A single number is the answer: how many lines of the entries contain the word "left"?

*** EXERCISE MATERIALS ***

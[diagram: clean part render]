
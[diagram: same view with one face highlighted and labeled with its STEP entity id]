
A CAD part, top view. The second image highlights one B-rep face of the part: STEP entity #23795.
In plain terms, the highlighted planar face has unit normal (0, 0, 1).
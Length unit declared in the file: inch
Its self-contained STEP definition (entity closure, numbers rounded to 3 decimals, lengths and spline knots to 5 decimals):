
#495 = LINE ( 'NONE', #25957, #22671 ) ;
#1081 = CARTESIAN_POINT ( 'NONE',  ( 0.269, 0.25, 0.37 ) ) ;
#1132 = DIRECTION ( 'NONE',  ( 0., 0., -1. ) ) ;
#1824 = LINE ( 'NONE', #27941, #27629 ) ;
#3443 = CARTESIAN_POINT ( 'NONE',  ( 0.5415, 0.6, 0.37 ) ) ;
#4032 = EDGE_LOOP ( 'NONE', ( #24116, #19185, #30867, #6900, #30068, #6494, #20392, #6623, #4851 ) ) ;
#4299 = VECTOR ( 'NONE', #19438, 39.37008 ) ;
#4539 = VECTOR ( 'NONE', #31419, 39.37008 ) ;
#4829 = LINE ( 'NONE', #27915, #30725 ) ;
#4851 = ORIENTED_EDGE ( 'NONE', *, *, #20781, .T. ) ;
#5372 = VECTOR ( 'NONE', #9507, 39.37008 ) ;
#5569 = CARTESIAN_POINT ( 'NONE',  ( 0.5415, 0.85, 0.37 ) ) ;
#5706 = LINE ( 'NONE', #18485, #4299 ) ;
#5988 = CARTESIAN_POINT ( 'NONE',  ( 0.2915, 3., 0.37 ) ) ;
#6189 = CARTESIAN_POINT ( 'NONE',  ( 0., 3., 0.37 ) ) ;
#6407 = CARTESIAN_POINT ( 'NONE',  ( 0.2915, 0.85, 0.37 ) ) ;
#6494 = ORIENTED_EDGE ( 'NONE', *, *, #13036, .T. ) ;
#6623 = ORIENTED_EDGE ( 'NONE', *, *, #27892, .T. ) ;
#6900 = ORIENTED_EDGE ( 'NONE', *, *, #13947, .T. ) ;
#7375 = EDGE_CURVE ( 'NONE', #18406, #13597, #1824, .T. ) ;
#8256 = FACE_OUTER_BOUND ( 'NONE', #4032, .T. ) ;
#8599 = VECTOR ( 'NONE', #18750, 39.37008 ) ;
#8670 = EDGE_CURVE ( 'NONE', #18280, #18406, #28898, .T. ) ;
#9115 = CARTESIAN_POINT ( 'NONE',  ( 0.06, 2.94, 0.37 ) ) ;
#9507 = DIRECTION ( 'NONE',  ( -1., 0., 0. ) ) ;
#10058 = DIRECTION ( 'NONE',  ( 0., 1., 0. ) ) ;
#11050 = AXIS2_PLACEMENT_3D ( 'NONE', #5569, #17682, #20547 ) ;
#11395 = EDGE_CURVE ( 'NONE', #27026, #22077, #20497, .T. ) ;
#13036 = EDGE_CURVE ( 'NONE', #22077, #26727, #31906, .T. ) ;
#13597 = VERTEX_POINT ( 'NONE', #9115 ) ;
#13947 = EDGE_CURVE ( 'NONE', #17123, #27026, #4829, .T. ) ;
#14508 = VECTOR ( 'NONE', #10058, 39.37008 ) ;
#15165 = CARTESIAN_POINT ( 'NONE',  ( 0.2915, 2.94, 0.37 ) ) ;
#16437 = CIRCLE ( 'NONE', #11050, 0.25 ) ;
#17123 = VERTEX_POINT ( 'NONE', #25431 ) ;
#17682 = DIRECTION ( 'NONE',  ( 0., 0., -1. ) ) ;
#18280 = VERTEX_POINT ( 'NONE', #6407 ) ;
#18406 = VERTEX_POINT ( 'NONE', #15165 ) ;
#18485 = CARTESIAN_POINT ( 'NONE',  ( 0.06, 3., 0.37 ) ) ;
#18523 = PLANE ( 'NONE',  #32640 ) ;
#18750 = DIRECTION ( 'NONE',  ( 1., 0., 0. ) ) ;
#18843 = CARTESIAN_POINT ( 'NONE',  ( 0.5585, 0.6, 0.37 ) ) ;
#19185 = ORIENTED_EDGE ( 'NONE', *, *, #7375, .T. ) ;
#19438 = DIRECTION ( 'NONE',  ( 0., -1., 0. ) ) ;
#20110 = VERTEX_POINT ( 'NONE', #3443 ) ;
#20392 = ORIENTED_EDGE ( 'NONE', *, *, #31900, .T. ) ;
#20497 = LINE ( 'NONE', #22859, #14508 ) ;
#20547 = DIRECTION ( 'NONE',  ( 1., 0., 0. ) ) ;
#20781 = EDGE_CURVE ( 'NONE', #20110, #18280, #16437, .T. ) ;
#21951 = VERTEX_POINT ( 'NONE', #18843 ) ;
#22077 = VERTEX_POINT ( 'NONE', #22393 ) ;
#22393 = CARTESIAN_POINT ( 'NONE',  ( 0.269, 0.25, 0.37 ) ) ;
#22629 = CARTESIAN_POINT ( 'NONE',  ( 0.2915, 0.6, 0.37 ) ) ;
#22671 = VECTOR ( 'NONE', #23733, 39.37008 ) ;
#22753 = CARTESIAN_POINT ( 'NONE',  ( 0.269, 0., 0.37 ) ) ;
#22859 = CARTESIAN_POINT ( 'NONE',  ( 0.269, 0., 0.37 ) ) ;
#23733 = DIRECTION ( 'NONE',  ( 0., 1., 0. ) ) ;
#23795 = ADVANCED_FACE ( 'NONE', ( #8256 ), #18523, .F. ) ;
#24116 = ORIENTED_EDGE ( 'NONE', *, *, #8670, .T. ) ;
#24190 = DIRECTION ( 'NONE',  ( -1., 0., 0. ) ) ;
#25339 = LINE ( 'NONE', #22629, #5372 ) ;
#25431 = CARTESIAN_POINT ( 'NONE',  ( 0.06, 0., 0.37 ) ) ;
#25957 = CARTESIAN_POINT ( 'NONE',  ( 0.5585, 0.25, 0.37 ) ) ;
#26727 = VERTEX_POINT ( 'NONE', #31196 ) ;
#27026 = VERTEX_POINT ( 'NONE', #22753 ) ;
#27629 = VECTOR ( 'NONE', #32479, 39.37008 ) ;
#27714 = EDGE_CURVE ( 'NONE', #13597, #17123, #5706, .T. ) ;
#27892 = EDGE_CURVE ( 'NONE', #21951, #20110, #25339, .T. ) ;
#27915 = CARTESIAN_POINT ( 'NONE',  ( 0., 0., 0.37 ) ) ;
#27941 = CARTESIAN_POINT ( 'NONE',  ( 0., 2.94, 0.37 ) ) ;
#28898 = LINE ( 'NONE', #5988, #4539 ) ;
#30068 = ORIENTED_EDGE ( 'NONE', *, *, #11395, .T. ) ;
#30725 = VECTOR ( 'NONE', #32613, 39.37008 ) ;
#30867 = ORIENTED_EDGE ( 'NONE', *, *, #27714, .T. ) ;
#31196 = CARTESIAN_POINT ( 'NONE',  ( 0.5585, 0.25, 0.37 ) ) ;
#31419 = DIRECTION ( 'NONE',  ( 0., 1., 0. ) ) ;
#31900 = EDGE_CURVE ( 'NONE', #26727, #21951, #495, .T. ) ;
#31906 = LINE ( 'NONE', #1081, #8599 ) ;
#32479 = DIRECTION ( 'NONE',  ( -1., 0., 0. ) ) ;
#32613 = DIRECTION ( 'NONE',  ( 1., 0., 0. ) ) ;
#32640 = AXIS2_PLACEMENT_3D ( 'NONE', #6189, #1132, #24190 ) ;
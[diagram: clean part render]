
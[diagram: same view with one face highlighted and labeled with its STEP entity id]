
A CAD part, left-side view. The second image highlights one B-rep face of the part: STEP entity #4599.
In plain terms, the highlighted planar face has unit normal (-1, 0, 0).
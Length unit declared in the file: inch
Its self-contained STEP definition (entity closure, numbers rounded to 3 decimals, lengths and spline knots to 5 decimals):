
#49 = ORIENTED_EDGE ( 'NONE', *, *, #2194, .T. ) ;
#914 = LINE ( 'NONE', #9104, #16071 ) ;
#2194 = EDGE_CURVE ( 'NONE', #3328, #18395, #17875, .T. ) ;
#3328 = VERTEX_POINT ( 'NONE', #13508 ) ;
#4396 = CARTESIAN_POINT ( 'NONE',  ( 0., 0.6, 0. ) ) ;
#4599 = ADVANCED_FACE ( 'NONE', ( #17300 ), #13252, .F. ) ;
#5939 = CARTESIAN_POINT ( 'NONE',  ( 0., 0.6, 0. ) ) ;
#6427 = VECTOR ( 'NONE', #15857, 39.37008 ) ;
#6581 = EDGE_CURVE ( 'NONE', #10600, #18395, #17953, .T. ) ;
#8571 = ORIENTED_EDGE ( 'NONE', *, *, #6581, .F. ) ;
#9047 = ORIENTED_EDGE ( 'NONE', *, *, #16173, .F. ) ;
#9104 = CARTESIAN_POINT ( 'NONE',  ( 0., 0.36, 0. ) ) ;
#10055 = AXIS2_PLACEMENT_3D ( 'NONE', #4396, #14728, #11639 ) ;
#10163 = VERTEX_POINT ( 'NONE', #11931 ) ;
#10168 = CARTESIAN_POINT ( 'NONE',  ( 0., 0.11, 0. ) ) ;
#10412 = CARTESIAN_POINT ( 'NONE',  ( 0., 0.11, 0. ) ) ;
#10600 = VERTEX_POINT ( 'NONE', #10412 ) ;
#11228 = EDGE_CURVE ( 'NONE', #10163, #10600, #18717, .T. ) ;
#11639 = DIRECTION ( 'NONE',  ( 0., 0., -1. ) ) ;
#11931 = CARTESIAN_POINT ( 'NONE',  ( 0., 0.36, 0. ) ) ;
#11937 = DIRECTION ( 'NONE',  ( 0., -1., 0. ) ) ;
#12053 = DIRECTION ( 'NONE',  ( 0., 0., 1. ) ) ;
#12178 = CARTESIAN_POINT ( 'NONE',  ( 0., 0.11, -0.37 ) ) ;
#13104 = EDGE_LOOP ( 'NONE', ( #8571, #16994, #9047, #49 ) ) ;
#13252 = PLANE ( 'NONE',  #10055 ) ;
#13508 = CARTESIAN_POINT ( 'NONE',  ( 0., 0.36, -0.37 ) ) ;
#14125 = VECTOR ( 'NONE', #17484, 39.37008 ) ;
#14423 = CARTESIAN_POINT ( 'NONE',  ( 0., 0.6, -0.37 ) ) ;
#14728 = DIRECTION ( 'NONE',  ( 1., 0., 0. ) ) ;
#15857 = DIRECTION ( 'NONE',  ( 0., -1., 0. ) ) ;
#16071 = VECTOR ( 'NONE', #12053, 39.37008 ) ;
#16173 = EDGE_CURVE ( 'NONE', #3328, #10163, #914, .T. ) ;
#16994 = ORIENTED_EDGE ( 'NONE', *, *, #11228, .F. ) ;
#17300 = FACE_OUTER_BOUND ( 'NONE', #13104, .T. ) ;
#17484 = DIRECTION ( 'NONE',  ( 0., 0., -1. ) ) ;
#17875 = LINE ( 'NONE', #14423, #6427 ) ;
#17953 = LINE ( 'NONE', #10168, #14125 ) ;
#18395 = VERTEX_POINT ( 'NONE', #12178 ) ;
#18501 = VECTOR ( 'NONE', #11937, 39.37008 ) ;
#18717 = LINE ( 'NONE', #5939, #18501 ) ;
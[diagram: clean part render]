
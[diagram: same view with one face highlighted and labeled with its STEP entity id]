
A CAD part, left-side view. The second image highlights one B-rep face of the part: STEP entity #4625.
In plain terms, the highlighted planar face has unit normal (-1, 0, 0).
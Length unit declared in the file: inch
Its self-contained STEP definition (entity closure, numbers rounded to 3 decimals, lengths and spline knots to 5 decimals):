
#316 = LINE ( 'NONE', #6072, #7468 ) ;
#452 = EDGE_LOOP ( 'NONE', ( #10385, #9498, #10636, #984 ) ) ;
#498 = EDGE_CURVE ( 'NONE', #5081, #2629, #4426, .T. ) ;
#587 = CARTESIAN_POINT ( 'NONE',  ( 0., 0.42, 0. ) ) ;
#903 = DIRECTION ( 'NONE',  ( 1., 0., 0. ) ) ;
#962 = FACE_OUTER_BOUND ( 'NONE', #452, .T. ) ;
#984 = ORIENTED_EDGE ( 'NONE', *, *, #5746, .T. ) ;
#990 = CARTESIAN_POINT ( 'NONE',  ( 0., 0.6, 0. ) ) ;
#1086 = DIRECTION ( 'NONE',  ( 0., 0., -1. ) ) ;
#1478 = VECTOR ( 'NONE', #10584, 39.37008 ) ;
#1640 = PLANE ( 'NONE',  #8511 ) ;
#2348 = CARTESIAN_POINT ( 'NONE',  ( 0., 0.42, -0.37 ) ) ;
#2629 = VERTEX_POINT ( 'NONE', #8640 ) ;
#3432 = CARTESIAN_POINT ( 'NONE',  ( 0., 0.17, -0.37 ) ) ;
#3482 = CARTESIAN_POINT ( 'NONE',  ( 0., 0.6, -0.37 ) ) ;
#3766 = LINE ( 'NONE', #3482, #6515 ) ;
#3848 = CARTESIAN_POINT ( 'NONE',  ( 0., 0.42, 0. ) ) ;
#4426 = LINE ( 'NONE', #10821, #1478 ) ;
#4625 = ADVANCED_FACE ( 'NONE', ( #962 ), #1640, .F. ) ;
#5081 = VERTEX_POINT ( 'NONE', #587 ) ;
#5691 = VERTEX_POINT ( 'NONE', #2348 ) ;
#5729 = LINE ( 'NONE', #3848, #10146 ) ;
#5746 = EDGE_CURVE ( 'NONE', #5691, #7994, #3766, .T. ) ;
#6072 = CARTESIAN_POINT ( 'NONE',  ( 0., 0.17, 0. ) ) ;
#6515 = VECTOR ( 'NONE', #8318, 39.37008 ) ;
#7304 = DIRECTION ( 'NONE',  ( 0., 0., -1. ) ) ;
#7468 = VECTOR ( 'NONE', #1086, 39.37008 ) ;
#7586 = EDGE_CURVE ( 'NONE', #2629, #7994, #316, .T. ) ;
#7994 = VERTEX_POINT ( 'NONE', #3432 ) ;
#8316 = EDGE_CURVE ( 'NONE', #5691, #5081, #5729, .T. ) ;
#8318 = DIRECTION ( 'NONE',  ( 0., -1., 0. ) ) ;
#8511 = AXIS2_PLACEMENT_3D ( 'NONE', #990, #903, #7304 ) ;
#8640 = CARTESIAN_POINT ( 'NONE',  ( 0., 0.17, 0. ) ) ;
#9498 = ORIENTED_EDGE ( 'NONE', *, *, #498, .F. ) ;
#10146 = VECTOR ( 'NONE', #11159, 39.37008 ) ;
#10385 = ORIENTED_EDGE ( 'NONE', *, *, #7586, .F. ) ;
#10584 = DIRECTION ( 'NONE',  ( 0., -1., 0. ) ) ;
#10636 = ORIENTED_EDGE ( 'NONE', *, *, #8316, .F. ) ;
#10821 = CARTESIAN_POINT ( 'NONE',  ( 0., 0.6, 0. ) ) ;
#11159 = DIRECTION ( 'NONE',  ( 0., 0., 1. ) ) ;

*** End of EXERCISE MATERIALS ***

EXERCISE RESULT: 2